I went to a circus with my kids once where they were asking everyone to open up thier coats. I think they were looking for food actually, since they were looking at kids jackets too. I carry too far back (4:00) to notice for a casual peek in the jacket, but I didn't expect it either.


----------



## falshman70 (Jul 13, 2006)

Sounds like you handled this as well as can be expected. In the future, I think it's always better to carry on your body (rather than in a backpack). Then this doesn't become an issue.


----------



## SuckLead (Jul 4, 2006)

falshman70 said:


> Sounds like you handled this as well as can be expected. In the future, I think it's always better to carry on your body (rather than in a backpack). Then this doesn't become an issue.

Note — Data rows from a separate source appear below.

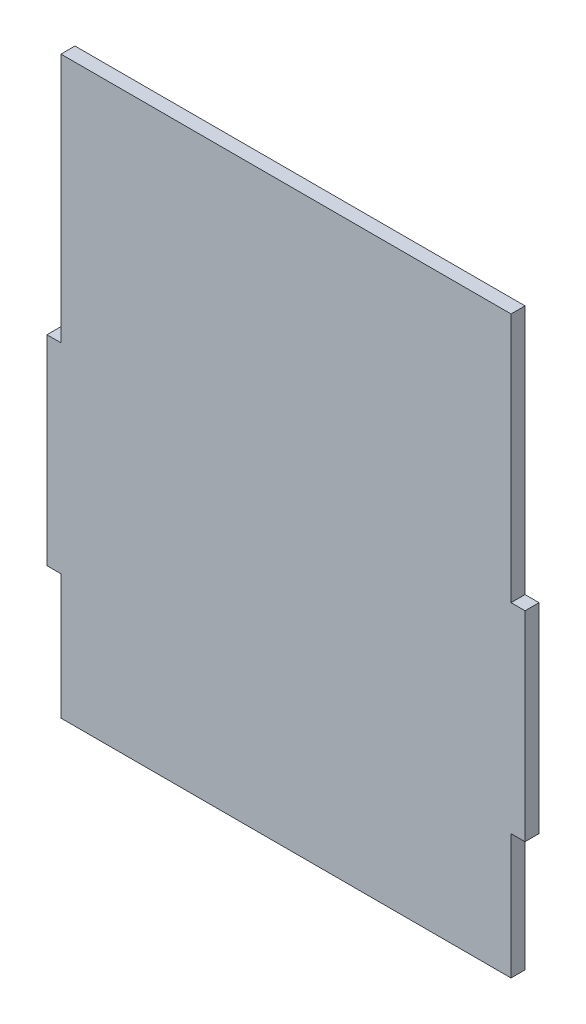
ISO-10303-21;
HEADER;
FILE_DESCRIPTION(('STEP AP214'),'2;1');
FILE_NAME('part.step','',(''),(''),'','','');
FILE_SCHEMA(('AUTOMOTIVE_DESIGN { 1 0 10303 214 1 1 1 1 }'));
ENDSEC;
DATA;
#1=APPLICATION_CONTEXT('core data for automotive mechanical design processes');
#2=APPLICATION_PROTOCOL_DEFINITION('international standard','automotive_design',2000,#1);
#3=PRODUCT_CONTEXT('',#1,'mechanical');
#4=PRODUCT('Part','Part','',(#3));
#5=PRODUCT_RELATED_PRODUCT_CATEGORY('part','',(#4));
#6=PRODUCT_DEFINITION_FORMATION('','',#4);
#7=PRODUCT_DEFINITION_CONTEXT('part definition',#1,'design');
#8=PRODUCT_DEFINITION('design','',#6,#7);
#9=PRODUCT_DEFINITION_SHAPE('','',#8);
#10=(LENGTH_UNIT() NAMED_UNIT(*) SI_UNIT(.MILLI.,.METRE.));
#11=(NAMED_UNIT(*) PLANE_ANGLE_UNIT() SI_UNIT($,.RADIAN.));
#12=(NAMED_UNIT(*) SI_UNIT($,.STERADIAN.) SOLID_ANGLE_UNIT());
#13=UNCERTAINTY_MEASURE_WITH_UNIT(LENGTH_MEASURE(1.E-05),#10,'distance_accuracy_value','');
#14=(GEOMETRIC_REPRESENTATION_CONTEXT(3) GLOBAL_UNCERTAINTY_ASSIGNED_CONTEXT((#13)) GLOBAL_UNIT_ASSIGNED_CONTEXT((#10,
#11,#12)) REPRESENTATION_CONTEXT('',''));
#15=CARTESIAN_POINT('',(0.,0.,0.));
#16=DIRECTION('',(0.,0.,1.));
#17=DIRECTION('',(1.,0.,0.));
#18=AXIS2_PLACEMENT_3D('',#15,#16,#17);
#19=CARTESIAN_POINT('',(45.,7.50000000000001,1.4));
#20=DIRECTION('',(-1.,0.,0.));
#21=DIRECTION('',(0.,-1.,0.));
#22=AXIS2_PLACEMENT_3D('',#19,#20,#21);
#23=PLANE('',#22);
#24=DIRECTION('',(0.,1.,0.));
#25=VECTOR('',#24,1.);
#26=CARTESIAN_POINT('',(45.,7.50000000000001,-1.4));
#27=LINE('',#26,#25);
#28=CARTESIAN_POINT('',(45.,7.50000000000001,-1.4));
#29=VERTEX_POINT('',#28);
#30=CARTESIAN_POINT('',(45.,57.5,-1.4));
#31=VERTEX_POINT('',#30);
#32=EDGE_CURVE('E164',#29,#31,#27,.T.);
#33=ORIENTED_EDGE('',*,*,#32,.T.);
#34=DIRECTION('',(0.,0.,-1.));
#35=VECTOR('',#34,1.);
#36=CARTESIAN_POINT('',(45.,57.5,1.4));
#37=LINE('',#36,#35);
#38=CARTESIAN_POINT('',(45.,57.5,1.4));
#39=VERTEX_POINT('',#38);
#40=EDGE_CURVE('E11',#39,#31,#37,.T.);
#41=ORIENTED_EDGE('',*,*,#40,.F.);
#42=DIRECTION('',(0.,1.,0.));
#43=VECTOR('',#42,1.);
#44=CARTESIAN_POINT('',(45.,7.50000000000001,1.4));
#45=LINE('',#44,#43);
#46=CARTESIAN_POINT('',(45.,7.50000000000001,1.4));
#47=VERTEX_POINT('',#46);
#48=EDGE_CURVE('E198',#47,#39,#45,.T.);
#49=ORIENTED_EDGE('',*,*,#48,.F.);
#50=DIRECTION('',(0.,0.,-1.));
#51=VECTOR('',#50,1.);
#52=CARTESIAN_POINT('',(45.,7.50000000000001,1.4));
#53=LINE('',#52,#51);
#54=EDGE_CURVE('E160',#47,#29,#53,.T.);
#55=ORIENTED_EDGE('',*,*,#54,.T.);
#56=EDGE_LOOP('',(#33,#41,#49,#55));
#57=FACE_BOUND('',#56,.T.);
#58=ADVANCED_FACE('F39',(#57),#23,.F.);
#59=CARTESIAN_POINT('',(-45.,57.5,1.4));
#60=DIRECTION('',(0.,-1.,0.));
#61=DIRECTION('',(1.,0.,0.));
#62=AXIS2_PLACEMENT_3D('',#59,#60,#61);
#63=PLANE('',#62);
#64=DIRECTION('',(-1.,0.,0.));
#65=VECTOR('',#64,1.);
#66=CARTESIAN_POINT('',(-45.,57.5,-1.4));
#67=LINE('',#66,#65);
#68=CARTESIAN_POINT('',(-45.,57.5,-1.4));
#69=VERTEX_POINT('',#68);
#70=EDGE_CURVE('E168',#31,#69,#67,.T.);
#71=ORIENTED_EDGE('',*,*,#70,.T.);
#72=DIRECTION('',(0.,0.,-1.));
#73=VECTOR('',#72,1.);
#74=CARTESIAN_POINT('',(-45.,57.5,1.4));
#75=LINE('',#74,#73);
#76=CARTESIAN_POINT('',(-45.,57.5,1.4));
#77=VERTEX_POINT('',#76);
#78=EDGE_CURVE('E48',#77,#69,#75,.T.);
#79=ORIENTED_EDGE('',*,*,#78,.F.);
#80=DIRECTION('',(-1.,0.,0.));
#81=VECTOR('',#80,1.);
#82=CARTESIAN_POINT('',(-45.,57.5,1.4));
#83=LINE('',#82,#81);
#84=EDGE_CURVE('E111',#39,#77,#83,.T.);
#85=ORIENTED_EDGE('',*,*,#84,.F.);
#86=ORIENTED_EDGE('',*,*,#40,.T.);
#87=EDGE_LOOP('',(#71,#79,#85,#86));
#88=FACE_BOUND('',#87,.T.);
#89=ADVANCED_FACE('F292',(#88),#63,.F.);
#90=CARTESIAN_POINT('',(-45.,7.5,1.4));
#91=DIRECTION('',(1.,0.,0.));
#92=DIRECTION('',(0.,0.,-1.));
#93=AXIS2_PLACEMENT_3D('',#90,#91,#92);
#94=PLANE('',#93);
#95=DIRECTION('',(0.,-1.,0.));
#96=VECTOR('',#95,1.);
#97=CARTESIAN_POINT('',(-45.,7.5,-1.4));
#98=LINE('',#97,#96);
#99=CARTESIAN_POINT('',(-45.,7.5,-1.4));
#100=VERTEX_POINT('',#99);
#101=EDGE_CURVE('E171',#69,#100,#98,.T.);
#102=ORIENTED_EDGE('',*,*,#101,.T.);
#103=DIRECTION('',(0.,0.,-1.));
#104=VECTOR('',#103,1.);
#105=CARTESIAN_POINT('',(-45.,7.5,1.4));
#106=LINE('',#105,#104);
#107=CARTESIAN_POINT('',(-45.,7.5,1.4));
#108=VERTEX_POINT('',#107);
#109=EDGE_CURVE('E225',#108,#100,#106,.T.);
#110=ORIENTED_EDGE('',*,*,#109,.F.);
#111=DIRECTION('',(0.,-1.,0.));
#112=VECTOR('',#111,1.);
#113=CARTESIAN_POINT('',(-45.,7.5,1.4));
#114=LINE('',#113,#112);
#115=EDGE_CURVE('E235',#77,#108,#114,.T.);
#116=ORIENTED_EDGE('',*,*,#115,.F.);
#117=ORIENTED_EDGE('',*,*,#78,.T.);
#118=EDGE_LOOP('',(#102,#110,#116,#117));
#119=FACE_BOUND('',#118,.T.);
#120=ADVANCED_FACE('F233',(#119),#94,.F.);
#121=CARTESIAN_POINT('',(-45.,7.5,1.4));
#122=DIRECTION('',(0.,-1.,0.));
#123=DIRECTION('',(1.,0.,0.));
#124=AXIS2_PLACEMENT_3D('',#121,#122,#123);
#125=PLANE('',#124);
#126=DIRECTION('',(-1.,0.,0.));
#127=VECTOR('',#126,1.);
#128=CARTESIAN_POINT('',(-45.,7.5,-1.4));
#129=LINE('',#128,#127);
#130=CARTESIAN_POINT('',(-47.8,7.5,-1.4));
#131=VERTEX_POINT('',#130);
#132=EDGE_CURVE('E174',#100,#131,#129,.T.);
#133=ORIENTED_EDGE('',*,*,#132,.T.);
#134=DIRECTION('',(0.,0.,-1.));
#135=VECTOR('',#134,1.);
#136=CARTESIAN_POINT('',(-47.8,7.5,1.4));
#137=LINE('',#136,#135);
#138=CARTESIAN_POINT('',(-47.8,7.5,1.4));
#139=VERTEX_POINT('',#138);
#140=EDGE_CURVE('E221',#139,#131,#137,.T.);
#141=ORIENTED_EDGE('',*,*,#140,.F.);
#142=DIRECTION('',(-1.,0.,0.));
#143=VECTOR('',#142,1.);
#144=CARTESIAN_POINT('',(-45.,7.5,1.4));
#145=LINE('',#144,#143);
#146=EDGE_CURVE('E254',#108,#139,#145,.T.);
#147=ORIENTED_EDGE('',*,*,#146,.F.);
#148=ORIENTED_EDGE('',*,*,#109,.T.);
#149=EDGE_LOOP('',(#133,#141,#147,#148));
#150=FACE_BOUND('',#149,.T.);
#151=ADVANCED_FACE('F244',(#150),#125,.F.);
#152=CARTESIAN_POINT('',(-47.8,-32.5,1.4));
#153=DIRECTION('',(1.,0.,0.));
#154=DIRECTION('',(0.,0.,-1.));
#155=AXIS2_PLACEMENT_3D('',#152,#153,#154);
#156=PLANE('',#155);
#157=DIRECTION('',(0.,-1.,0.));
#158=VECTOR('',#157,1.);
#159=CARTESIAN_POINT('',(-47.8,-32.5,-1.4));
#160=LINE('',#159,#158);
#161=CARTESIAN_POINT('',(-47.8,-32.5,-1.4));
#162=VERTEX_POINT('',#161);
#163=EDGE_CURVE('E177',#131,#162,#160,.T.);
#164=ORIENTED_EDGE('',*,*,#163,.T.);
#165=DIRECTION('',(0.,0.,-1.));
#166=VECTOR('',#165,1.);
#167=CARTESIAN_POINT('',(-47.8,-32.5,1.4));
#168=LINE('',#167,#166);
#169=CARTESIAN_POINT('',(-47.8,-32.5,1.4));
#170=VERTEX_POINT('',#169);
#171=EDGE_CURVE('E217',#170,#162,#168,.T.);
#172=ORIENTED_EDGE('',*,*,#171,.F.);
#173=DIRECTION('',(0.,-1.,0.));
#174=VECTOR('',#173,1.);
#175=CARTESIAN_POINT('',(-47.8,-32.5,1.4));
#176=LINE('',#175,#174);
#177=EDGE_CURVE('E250',#139,#170,#176,.T.);
#178=ORIENTED_EDGE('',*,*,#177,.F.);
#179=ORIENTED_EDGE('',*,*,#140,.T.);
#180=EDGE_LOOP('',(#164,#172,#178,#179));
#181=FACE_BOUND('',#180,.T.);
#182=ADVANCED_FACE('F248',(#181),#156,.F.);
#183=CARTESIAN_POINT('',(-45.,-32.5,1.4));
#184=DIRECTION('',(0.,1.,0.));
#185=DIRECTION('',(0.,0.,1.));
#186=AXIS2_PLACEMENT_3D('',#183,#184,#185);
#187=PLANE('',#186);
#188=DIRECTION('',(1.,0.,0.));
#189=VECTOR('',#188,1.);
#190=CARTESIAN_POINT('',(-45.,-32.5,-1.4));
#191=LINE('',#190,#189);
#192=CARTESIAN_POINT('',(-45.,-32.5,-1.4));
#193=VERTEX_POINT('',#192);
#194=EDGE_CURVE('E180',#162,#193,#191,.T.);
#195=ORIENTED_EDGE('',*,*,#194,.T.);
#196=DIRECTION('',(0.,0.,-1.));
#197=VECTOR('',#196,1.);
#198=CARTESIAN_POINT('',(-45.,-32.5,1.4));
#199=LINE('',#198,#197);
#200=CARTESIAN_POINT('',(-45.,-32.5,1.4));
#201=VERTEX_POINT('',#200);
#202=EDGE_CURVE('E213',#201,#193,#199,.T.);
#203=ORIENTED_EDGE('',*,*,#202,.F.);
#204=DIRECTION('',(1.,0.,0.));
#205=VECTOR('',#204,1.);
#206=CARTESIAN_POINT('',(-45.,-32.5,1.4));
#207=LINE('',#206,#205);
#208=EDGE_CURVE('E253',#170,#201,#207,.T.);
#209=ORIENTED_EDGE('',*,*,#208,.F.);
#210=ORIENTED_EDGE('',*,*,#171,.T.);
#211=EDGE_LOOP('',(#195,#203,#209,#210));
#212=FACE_BOUND('',#211,.T.);
#213=ADVANCED_FACE('F305',(#212),#187,.F.);
#214=CARTESIAN_POINT('',(-45.,-57.5,1.4));
#215=DIRECTION('',(1.,0.,0.));
#216=DIRECTION('',(0.,1.,0.));
#217=AXIS2_PLACEMENT_3D('',#214,#215,#216);
#218=PLANE('',#217);
#219=DIRECTION('',(0.,-1.,0.));
#220=VECTOR('',#219,1.);
#221=CARTESIAN_POINT('',(-45.,-57.5,-1.4));
#222=LINE('',#221,#220);
#223=CARTESIAN_POINT('',(-45.,-57.5,-1.4));
#224=VERTEX_POINT('',#223);
#225=EDGE_CURVE('E183',#193,#224,#222,.T.);
#226=ORIENTED_EDGE('',*,*,#225,.T.);
#227=DIRECTION('',(0.,0.,-1.));
#228=VECTOR('',#227,1.);
#229=CARTESIAN_POINT('',(-45.,-57.5,1.4));
#230=LINE('',#229,#228);
#231=CARTESIAN_POINT('',(-45.,-57.5,1.4));
#232=VERTEX_POINT('',#231);
#233=EDGE_CURVE('E209',#232,#224,#230,.T.);
#234=ORIENTED_EDGE('',*,*,#233,.F.);
#235=DIRECTION('',(0.,-1.,0.));
#236=VECTOR('',#235,1.);
#237=CARTESIAN_POINT('',(-45.,-57.5,1.4));
#238=LINE('',#237,#236);
#239=EDGE_CURVE('E258',#201,#232,#238,.T.);
#240=ORIENTED_EDGE('',*,*,#239,.F.);
#241=ORIENTED_EDGE('',*,*,#202,.T.);
#242=EDGE_LOOP('',(#226,#234,#240,#241));
#243=FACE_BOUND('',#242,.T.);
#244=ADVANCED_FACE('F308',(#243),#218,.F.);
#245=CARTESIAN_POINT('',(-45.,-57.5,1.4));
#246=DIRECTION('',(0.,1.,0.));
#247=DIRECTION('',(-1.,0.,0.));
#248=AXIS2_PLACEMENT_3D('',#245,#246,#247);
#249=PLANE('',#248);
#250=DIRECTION('',(1.,0.,0.));
#251=VECTOR('',#250,1.);
#252=CARTESIAN_POINT('',(-45.,-57.5,-1.4));
#253=LINE('',#252,#251);
#254=CARTESIAN_POINT('',(45.,-57.5,-1.4));
#255=VERTEX_POINT('',#254);
#256=EDGE_CURVE('E186',#224,#255,#253,.T.);
#257=ORIENTED_EDGE('',*,*,#256,.T.);
#258=DIRECTION('',(0.,0.,-1.));
#259=VECTOR('',#258,1.);
#260=CARTESIAN_POINT('',(45.,-57.5,1.4));
#261=LINE('',#260,#259);
#262=CARTESIAN_POINT('',(45.,-57.5,1.4));
#263=VERTEX_POINT('',#262);
#264=EDGE_CURVE('E205',#263,#255,#261,.T.);
#265=ORIENTED_EDGE('',*,*,#264,.F.);
#266=DIRECTION('',(1.,0.,0.));
#267=VECTOR('',#266,1.);
#268=CARTESIAN_POINT('',(-45.,-57.5,1.4));
#269=LINE('',#268,#267);
#270=EDGE_CURVE('E265',#232,#263,#269,.T.);
#271=ORIENTED_EDGE('',*,*,#270,.F.);
#272=ORIENTED_EDGE('',*,*,#233,.T.);
#273=EDGE_LOOP('',(#257,#265,#271,#272));
#274=FACE_BOUND('',#273,.T.);
#275=ADVANCED_FACE('F273',(#274),#249,.F.);
#276=CARTESIAN_POINT('',(45.,-57.5,1.4));
#277=DIRECTION('',(-1.,0.,0.));
#278=DIRECTION('',(0.,-1.,0.));
#279=AXIS2_PLACEMENT_3D('',#276,#277,#278);
#280=PLANE('',#279);
#281=DIRECTION('',(0.,1.,0.));
#282=VECTOR('',#281,1.);
#283=CARTESIAN_POINT('',(45.,-57.5,-1.4));
#284=LINE('',#283,#282);
#285=CARTESIAN_POINT('',(45.,-32.5,-1.4));
#286=VERTEX_POINT('',#285);
#287=EDGE_CURVE('E189',#255,#286,#284,.T.);
#288=ORIENTED_EDGE('',*,*,#287,.T.);
#289=DIRECTION('',(0.,0.,-1.));
#290=VECTOR('',#289,1.);
#291=CARTESIAN_POINT('',(45.,-32.5,1.4));
#292=LINE('',#291,#290);
#293=CARTESIAN_POINT('',(45.,-32.5,1.4));
#294=VERTEX_POINT('',#293);
#295=EDGE_CURVE('E153',#294,#286,#292,.T.);
#296=ORIENTED_EDGE('',*,*,#295,.F.);
#297=DIRECTION('',(0.,1.,0.));
#298=VECTOR('',#297,1.);
#299=CARTESIAN_POINT('',(45.,-57.5,1.4));
#300=LINE('',#299,#298);
#301=EDGE_CURVE('E142',#263,#294,#300,.T.);
#302=ORIENTED_EDGE('',*,*,#301,.F.);
#303=ORIENTED_EDGE('',*,*,#264,.T.);
#304=EDGE_LOOP('',(#288,#296,#302,#303));
#305=FACE_BOUND('',#304,.T.);
#306=ADVANCED_FACE('F277',(#305),#280,.F.);
#307=CARTESIAN_POINT('',(45.,-32.5,1.4));
#308=DIRECTION('',(0.,1.,0.));
#309=DIRECTION('',(0.,0.,1.));
#310=AXIS2_PLACEMENT_3D('',#307,#308,#309);
#311=PLANE('',#310);
#312=DIRECTION('',(1.,0.,0.));
#313=VECTOR('',#312,1.);
#314=CARTESIAN_POINT('',(45.,-32.5,-1.4));
#315=LINE('',#314,#313);
#316=CARTESIAN_POINT('',(47.8,-32.5,-1.4));
#317=VERTEX_POINT('',#316);
#318=EDGE_CURVE('E151',#286,#317,#315,.T.);
#319=ORIENTED_EDGE('',*,*,#318,.T.);
#320=DIRECTION('',(0.,0.,-1.));
#321=VECTOR('',#320,1.);
#322=CARTESIAN_POINT('',(47.8,-32.5,1.4));
#323=LINE('',#322,#321);
#324=CARTESIAN_POINT('',(47.8,-32.5,1.4));
#325=VERTEX_POINT('',#324);
#326=EDGE_CURVE('E148',#325,#317,#323,.T.);
#327=ORIENTED_EDGE('',*,*,#326,.F.);
#328=DIRECTION('',(1.,0.,0.));
#329=VECTOR('',#328,1.);
#330=CARTESIAN_POINT('',(45.,-32.5,1.4));
#331=LINE('',#330,#329);
#332=EDGE_CURVE('E136',#294,#325,#331,.T.);
#333=ORIENTED_EDGE('',*,*,#332,.F.);
#334=ORIENTED_EDGE('',*,*,#295,.T.);
#335=EDGE_LOOP('',(#319,#327,#333,#334));
#336=FACE_BOUND('',#335,.T.);
#337=ADVANCED_FACE('F149',(#336),#311,.F.);
#338=CARTESIAN_POINT('',(47.8,-32.5,1.4));
#339=DIRECTION('',(-1.,0.,0.));
#340=DIRECTION('',(0.,0.,1.));
#341=AXIS2_PLACEMENT_3D('',#338,#339,#340);
#342=PLANE('',#341);
#343=DIRECTION('',(0.,1.,0.));
#344=VECTOR('',#343,1.);
#345=CARTESIAN_POINT('',(47.8,-32.5,-1.4));
#346=LINE('',#345,#344);
#347=CARTESIAN_POINT('',(47.8,7.50000000000001,-1.4));
#348=VERTEX_POINT('',#347);
#349=EDGE_CURVE('E97',#317,#348,#346,.T.);
#350=ORIENTED_EDGE('',*,*,#349,.T.);
#351=DIRECTION('',(0.,0.,-1.));
#352=VECTOR('',#351,1.);
#353=CARTESIAN_POINT('',(47.8,7.50000000000001,1.4));
#354=LINE('',#353,#352);
#355=CARTESIAN_POINT('',(47.8,7.50000000000001,1.4));
#356=VERTEX_POINT('',#355);
#357=EDGE_CURVE('E154',#356,#348,#354,.T.);
#358=ORIENTED_EDGE('',*,*,#357,.F.);
#359=DIRECTION('',(0.,1.,0.));
#360=VECTOR('',#359,1.);
#361=CARTESIAN_POINT('',(47.8,-32.5,1.4));
#362=LINE('',#361,#360);
#363=EDGE_CURVE('E140',#325,#356,#362,.T.);
#364=ORIENTED_EDGE('',*,*,#363,.F.);
#365=ORIENTED_EDGE('',*,*,#326,.T.);
#366=EDGE_LOOP('',(#350,#358,#364,#365));
#367=FACE_BOUND('',#366,.T.);
#368=ADVANCED_FACE('F156',(#367),#342,.F.);
#369=CARTESIAN_POINT('',(45.,7.50000000000001,1.4));
#370=DIRECTION('',(0.,-1.,0.));
#371=DIRECTION('',(1.,0.,0.));
#372=AXIS2_PLACEMENT_3D('',#369,#370,#371);
#373=PLANE('',#372);
#374=DIRECTION('',(-1.,0.,0.));
#375=VECTOR('',#374,1.);
#376=CARTESIAN_POINT('',(45.,7.50000000000001,-1.4));
#377=LINE('',#376,#375);
#378=EDGE_CURVE('E103',#348,#29,#377,.T.);
#379=ORIENTED_EDGE('',*,*,#378,.T.);
#380=ORIENTED_EDGE('',*,*,#54,.F.);
#381=DIRECTION('',(-1.,0.,0.));
#382=VECTOR('',#381,1.);
#383=CARTESIAN_POINT('',(45.,7.50000000000001,1.4));
#384=LINE('',#383,#382);
#385=EDGE_CURVE('E56',#356,#47,#384,.T.);
#386=ORIENTED_EDGE('',*,*,#385,.F.);
#387=ORIENTED_EDGE('',*,*,#357,.T.);
#388=EDGE_LOOP('',(#379,#380,#386,#387));
#389=FACE_BOUND('',#388,.T.);
#390=ADVANCED_FACE('F281',(#389),#373,.F.);
#391=CARTESIAN_POINT('',(0.,0.,1.4));
#392=DIRECTION('',(0.,0.,-1.));
#393=DIRECTION('',(-1.,0.,0.));
#394=AXIS2_PLACEMENT_3D('',#391,#392,#393);
#395=PLANE('',#394);
#396=ORIENTED_EDGE('',*,*,#48,.T.);
#397=ORIENTED_EDGE('',*,*,#84,.T.);
#398=ORIENTED_EDGE('',*,*,#115,.T.);
#399=ORIENTED_EDGE('',*,*,#146,.T.);
#400=ORIENTED_EDGE('',*,*,#177,.T.);
#401=ORIENTED_EDGE('',*,*,#208,.T.);
#402=ORIENTED_EDGE('',*,*,#239,.T.);
#403=ORIENTED_EDGE('',*,*,#270,.T.);
#404=ORIENTED_EDGE('',*,*,#301,.T.);
#405=ORIENTED_EDGE('',*,*,#332,.T.);
#406=ORIENTED_EDGE('',*,*,#363,.T.);
#407=ORIENTED_EDGE('',*,*,#385,.T.);
#408=EDGE_LOOP('',(#396,#397,#398,#399,#400,#401,#402,#403,#404,#405,#406,#407));
#409=FACE_BOUND('',#408,.T.);
#410=ADVANCED_FACE('F138',(#409),#395,.F.);
#411=CARTESIAN_POINT('',(0.,0.,-1.4));
#412=DIRECTION('',(0.,0.,-1.));
#413=DIRECTION('',(-1.,0.,0.));
#414=AXIS2_PLACEMENT_3D('',#411,#412,#413);
#415=PLANE('',#414);
#416=ORIENTED_EDGE('',*,*,#32,.F.);
#417=ORIENTED_EDGE('',*,*,#378,.F.);
#418=ORIENTED_EDGE('',*,*,#349,.F.);
#419=ORIENTED_EDGE('',*,*,#318,.F.);
#420=ORIENTED_EDGE('',*,*,#287,.F.);
#421=ORIENTED_EDGE('',*,*,#256,.F.);
#422=ORIENTED_EDGE('',*,*,#225,.F.);
#423=ORIENTED_EDGE('',*,*,#194,.F.);
#424=ORIENTED_EDGE('',*,*,#163,.F.);
#425=ORIENTED_EDGE('',*,*,#132,.F.);
#426=ORIENTED_EDGE('',*,*,#101,.F.);
#427=ORIENTED_EDGE('',*,*,#70,.F.);
#428=EDGE_LOOP('',(#416,#417,#418,#419,#420,#421,#422,#423,#424,#425,#426,#427));
#429=FACE_BOUND('',#428,.T.);
#430=ADVANCED_FACE('F239',(#429),#415,.T.);
#431=CLOSED_SHELL('',(#58,#89,#120,#151,#182,#213,#244,#275,#306,#337,#368,#390,#410,#430));
#432=MANIFOLD_SOLID_BREP('B2',#431);
#433=ADVANCED_BREP_SHAPE_REPRESENTATION('',(#18,#432),#14);
#434=SHAPE_DEFINITION_REPRESENTATION(#9,#433);
ENDSEC;
END-ISO-10303-21;

I will once I lay hands on a trustworthy concealed carry gun. What I had in the bag was a Glock 21.


----------



## rjack1177 (Jan 25, 2008)

bangbang said:


> You should NEVER allow anyone from a store to search you. Especially if you have a concealed gun.
> 
> Tell them NO. And keep walking. They cannot detain you without assaulting you.
> 
> ...


Good advice! I just got my CCW. Very Good Info


----------



## fivehourfrenzy (Aug 12, 2007)

Yeah, and if she pulls a 9" bowie knife out of her pocket and says, "if you don't show me your bag, I'll cut you," then wax her. :anim_lol:


----------



## bangbang (Jan 18, 2007)

fivehourfrenzy said:


> Yeah, and if she pulls a 9" bowie knife out of her pocket and says, "if you don't show me your bag, I'll cut you," then wax her. :anim_lol:


I would have to call corporate if that happened...


----------



## Liko81 (Nov 21, 2007)

bangbang said:


> You should NEVER allow anyone from a store to search you. Especially if you have a concealed gun.
> 
> Tell them NO. And keep walking. They cannot detain you without assaulting you.
> 
> ...


I agree with everything but this:



> Tell them NO. And keep walking. They cannot detain you without assaulting you.


In truth, they CAN detain you if they have probable cause to believe you've shoplifted. In Texas, force and deadly force are justifiable when protecting property from unlawful damage or theft, *and to recover property*. If you try to walk away after either a store employee has seen you shoplift or the inventory control sensors go off, store employees can use any means necessary, as agents of their employer, to detain you.

However, they CANNOT search you unless you give consent. The exception is member's clubs; if you had to sign an agreement to get in and there's a doorman checking baskets on the way out, refusal to be searched is a violation of your member agreement and they could give you the bum's rush if they wanted to.

If a store employee searches you without any prior consent, OR you actually haven't shoplifted and have to wait to prove it, you have every right to file a lawsuit for unlawful imprisonment and unreasonable search/seizure. Unless they totally ruined your day, however, I think it would be more than sufficient after you have proven your innocence to call for the general manager, express your extreme displeasure at being treated like a common criminal, and have the general manager personally process your return of everything you had just bought from them, while informing him you will not shop at his store anymore and will tell anyone who asks exactly what you think of their customer service.


----------



## Todd (Jul 3, 2006)

Liko81 said:


> In truth, they CAN detain you if they have probable cause to believe you've shoplifted. In Texas, force and deadly force are justifiable when protecting property from unlawful damage or theft, *and to recover property*. If you try to walk away after either a store employee has seen you shoplift or the inventory control sensors go off, store employees can use any means necessary, as agents of their employer, to detain you.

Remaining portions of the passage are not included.